## Exercise details
The entire set of lines below should be copied exactly.

•••••

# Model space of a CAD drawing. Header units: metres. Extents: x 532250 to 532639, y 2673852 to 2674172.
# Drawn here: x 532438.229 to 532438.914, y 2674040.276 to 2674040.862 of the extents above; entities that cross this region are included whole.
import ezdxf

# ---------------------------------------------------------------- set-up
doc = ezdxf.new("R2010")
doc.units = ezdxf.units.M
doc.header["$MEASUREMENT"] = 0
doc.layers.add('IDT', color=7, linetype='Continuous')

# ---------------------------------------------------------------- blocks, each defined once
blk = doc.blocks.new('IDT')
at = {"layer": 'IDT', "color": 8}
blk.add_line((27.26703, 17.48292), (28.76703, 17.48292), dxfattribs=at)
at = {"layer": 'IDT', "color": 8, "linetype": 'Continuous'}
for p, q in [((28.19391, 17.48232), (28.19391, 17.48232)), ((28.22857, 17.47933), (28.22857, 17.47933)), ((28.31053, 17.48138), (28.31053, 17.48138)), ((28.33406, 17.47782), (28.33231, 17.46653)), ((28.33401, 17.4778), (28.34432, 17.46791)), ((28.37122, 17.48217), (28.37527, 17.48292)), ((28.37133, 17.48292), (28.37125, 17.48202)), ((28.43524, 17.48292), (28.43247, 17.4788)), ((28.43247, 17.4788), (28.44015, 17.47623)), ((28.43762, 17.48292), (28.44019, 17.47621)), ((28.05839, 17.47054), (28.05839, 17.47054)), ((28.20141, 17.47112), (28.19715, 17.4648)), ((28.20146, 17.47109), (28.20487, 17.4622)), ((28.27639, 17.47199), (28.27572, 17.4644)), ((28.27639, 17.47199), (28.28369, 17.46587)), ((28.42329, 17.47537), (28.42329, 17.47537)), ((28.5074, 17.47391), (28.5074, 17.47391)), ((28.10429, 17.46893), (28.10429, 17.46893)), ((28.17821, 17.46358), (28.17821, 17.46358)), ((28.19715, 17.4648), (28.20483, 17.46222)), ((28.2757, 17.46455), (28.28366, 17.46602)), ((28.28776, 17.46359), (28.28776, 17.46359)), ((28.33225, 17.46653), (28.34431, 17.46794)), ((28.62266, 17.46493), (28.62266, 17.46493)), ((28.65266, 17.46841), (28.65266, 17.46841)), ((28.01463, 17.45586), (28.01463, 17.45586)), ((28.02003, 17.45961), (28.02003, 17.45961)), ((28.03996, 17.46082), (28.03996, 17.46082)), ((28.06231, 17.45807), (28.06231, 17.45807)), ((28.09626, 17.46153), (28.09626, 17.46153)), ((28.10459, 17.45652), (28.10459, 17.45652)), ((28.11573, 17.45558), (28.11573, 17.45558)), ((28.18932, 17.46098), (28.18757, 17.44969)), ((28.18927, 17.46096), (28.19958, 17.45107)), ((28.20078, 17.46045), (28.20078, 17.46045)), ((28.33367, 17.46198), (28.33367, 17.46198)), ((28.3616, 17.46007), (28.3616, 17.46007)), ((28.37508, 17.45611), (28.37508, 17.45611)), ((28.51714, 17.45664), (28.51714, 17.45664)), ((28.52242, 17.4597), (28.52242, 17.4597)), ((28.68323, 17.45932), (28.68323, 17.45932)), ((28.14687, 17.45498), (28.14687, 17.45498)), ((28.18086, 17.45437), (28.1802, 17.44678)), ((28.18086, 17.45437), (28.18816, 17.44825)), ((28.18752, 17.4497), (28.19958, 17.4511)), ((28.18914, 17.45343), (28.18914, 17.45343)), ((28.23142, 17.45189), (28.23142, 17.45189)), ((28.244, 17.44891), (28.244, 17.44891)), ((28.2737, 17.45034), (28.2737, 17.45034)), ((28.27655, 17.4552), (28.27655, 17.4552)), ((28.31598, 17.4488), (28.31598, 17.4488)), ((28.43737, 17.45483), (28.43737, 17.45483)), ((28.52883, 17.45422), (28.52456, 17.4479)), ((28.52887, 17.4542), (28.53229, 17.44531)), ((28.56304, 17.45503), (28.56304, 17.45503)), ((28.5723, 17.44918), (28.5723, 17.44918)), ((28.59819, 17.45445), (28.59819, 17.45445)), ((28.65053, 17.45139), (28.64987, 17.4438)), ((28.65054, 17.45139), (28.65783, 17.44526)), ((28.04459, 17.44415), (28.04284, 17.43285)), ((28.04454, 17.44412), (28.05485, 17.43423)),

•••••

## Answer box
# Model space of a CAD drawing. Header units: metres. Extents: x 532250 to 532639, y 2673852 to 2674172.
# Drawn here: x 532438.229 to 532438.914, y 2674040.276 to 2674040.862 of the extents above; entities that cross this region are included whole.
import ezdxf

# ---------------------------------------------------------------- set-up
doc = ezdxf.new("R2010")
doc.units = ezdxf.units.M
doc.header["$MEASUREMENT"] = 0
doc.layers.add('IDT', color=7, linetype='Continuous')

# ---------------------------------------------------------------- blocks, each defined once
blk = doc.blocks.new('IDT')
at = {"layer": 'IDT', "color": 8}
blk.add_line((27.26703, 17.48292), (28.76703, 17.48292), dxfattribs=at)
at = {"layer": 'IDT', "color": 8, "linetype": 'Continuous'}
for p, q in [((28.19391, 17.48232), (28.19391, 17.48232)), ((28.22857, 17.47933), (28.22857, 17.47933)), ((28.31053, 17.48138), (28.31053, 17.48138)), ((28.33406, 17.47782), (28.33231, 17.46653)), ((28.33401, 17.4778), (28.34432, 17.46791)), ((28.37122, 17.48217), (28.37527, 17.48292)), ((28.37133, 17.48292), (28.37125, 17.48202)), ((28.43524, 17.48292), (28.43247, 17.4788)), ((28.43247, 17.4788), (28.44015, 17.47623)), ((28.43762, 17.48292), (28.44019, 17.47621)), ((28.05839, 17.47054), (28.05839, 17.47054)), ((28.20141, 17.47112), (28.19715, 17.4648)), ((28.20146, 17.47109), (28.20487, 17.4622)), ((28.27639, 17.47199), (28.27572, 17.4644)), ((28.27639, 17.47199), (28.28369, 17.46587)), ((28.42329, 17.47537), (28.42329, 17.47537)), ((28.5074, 17.47391), (28.5074, 17.47391)), ((28.10429, 17.46893), (28.10429, 17.46893)), ((28.17821, 17.46358), (28.17821, 17.46358)), ((28.19715, 17.4648), (28.20483, 17.46222)), ((28.2757, 17.46455), (28.28366, 17.46602)), ((28.28776, 17.46359), (28.28776, 17.46359)), ((28.33225, 17.46653), (28.34431, 17.46794)), ((28.62266, 17.46493), (28.62266, 17.46493)), ((28.65266, 17.46841), (28.65266, 17.46841)), ((28.01463, 17.45586), (28.01463, 17.45586)), ((28.02003, 17.45961), (28.02003, 17.45961)), ((28.03996, 17.46082), (28.03996, 17.46082)), ((28.06231, 17.45807), (28.06231, 17.45807)), ((28.09626, 17.46153), (28.09626, 17.46153)), ((28.10459, 17.45652), (28.10459, 17.45652)), ((28.11573, 17.45558), (28.11573, 17.45558)), ((28.18932, 17.46098), (28.18757, 17.44969)), ((28.18927, 17.46096), (28.19958, 17.45107)), ((28.20078, 17.46045), (28.20078, 17.46045)), ((28.33367, 17.46198), (28.33367, 17.46198)), ((28.3616, 17.46007), (28.3616, 17.46007)), ((28.37508, 17.45611), (28.37508, 17.45611)), ((28.51714, 17.45664), (28.51714, 17.45664)), ((28.52242, 17.4597), (28.52242, 17.4597)), ((28.68323, 17.45932), (28.68323, 17.45932)), ((28.14687, 17.45498), (28.14687, 17.45498)), ((28.18086, 17.45437), (28.1802, 17.44678)), ((28.18086, 17.45437), (28.18816, 17.44825)), ((28.18752, 17.4497), (28.19958, 17.4511)), ((28.18914, 17.45343), (28.18914, 17.45343)), ((28.23142, 17.45189), (28.23142, 17.45189)), ((28.244, 17.44891), (28.244, 17.44891)), ((28.2737, 17.45034), (28.2737, 17.45034)), ((28.27655, 17.4552), (28.27655, 17.4552)), ((28.31598, 17.4488), (28.31598, 17.4488)), ((28.43737, 17.45483), (28.43737, 17.45483)), ((28.52883, 17.45422), (28.52456, 17.4479)), ((28.52887, 17.4542), (28.53229, 17.44531)), ((28.56304, 17.45503), (28.56304, 17.45503)), ((28.5723, 17.44918), (28.5723, 17.44918)), ((28.59819, 17.45445), (28.59819, 17.45445)), ((28.65053, 17.45139), (28.64987, 17.4438)), ((28.65054, 17.45139), (28.65783, 17.44526)), ((28.04459, 17.44415), (28.04284, 17.43285)), ((28.04454, 17.44412), (28.05485, 17.43423)),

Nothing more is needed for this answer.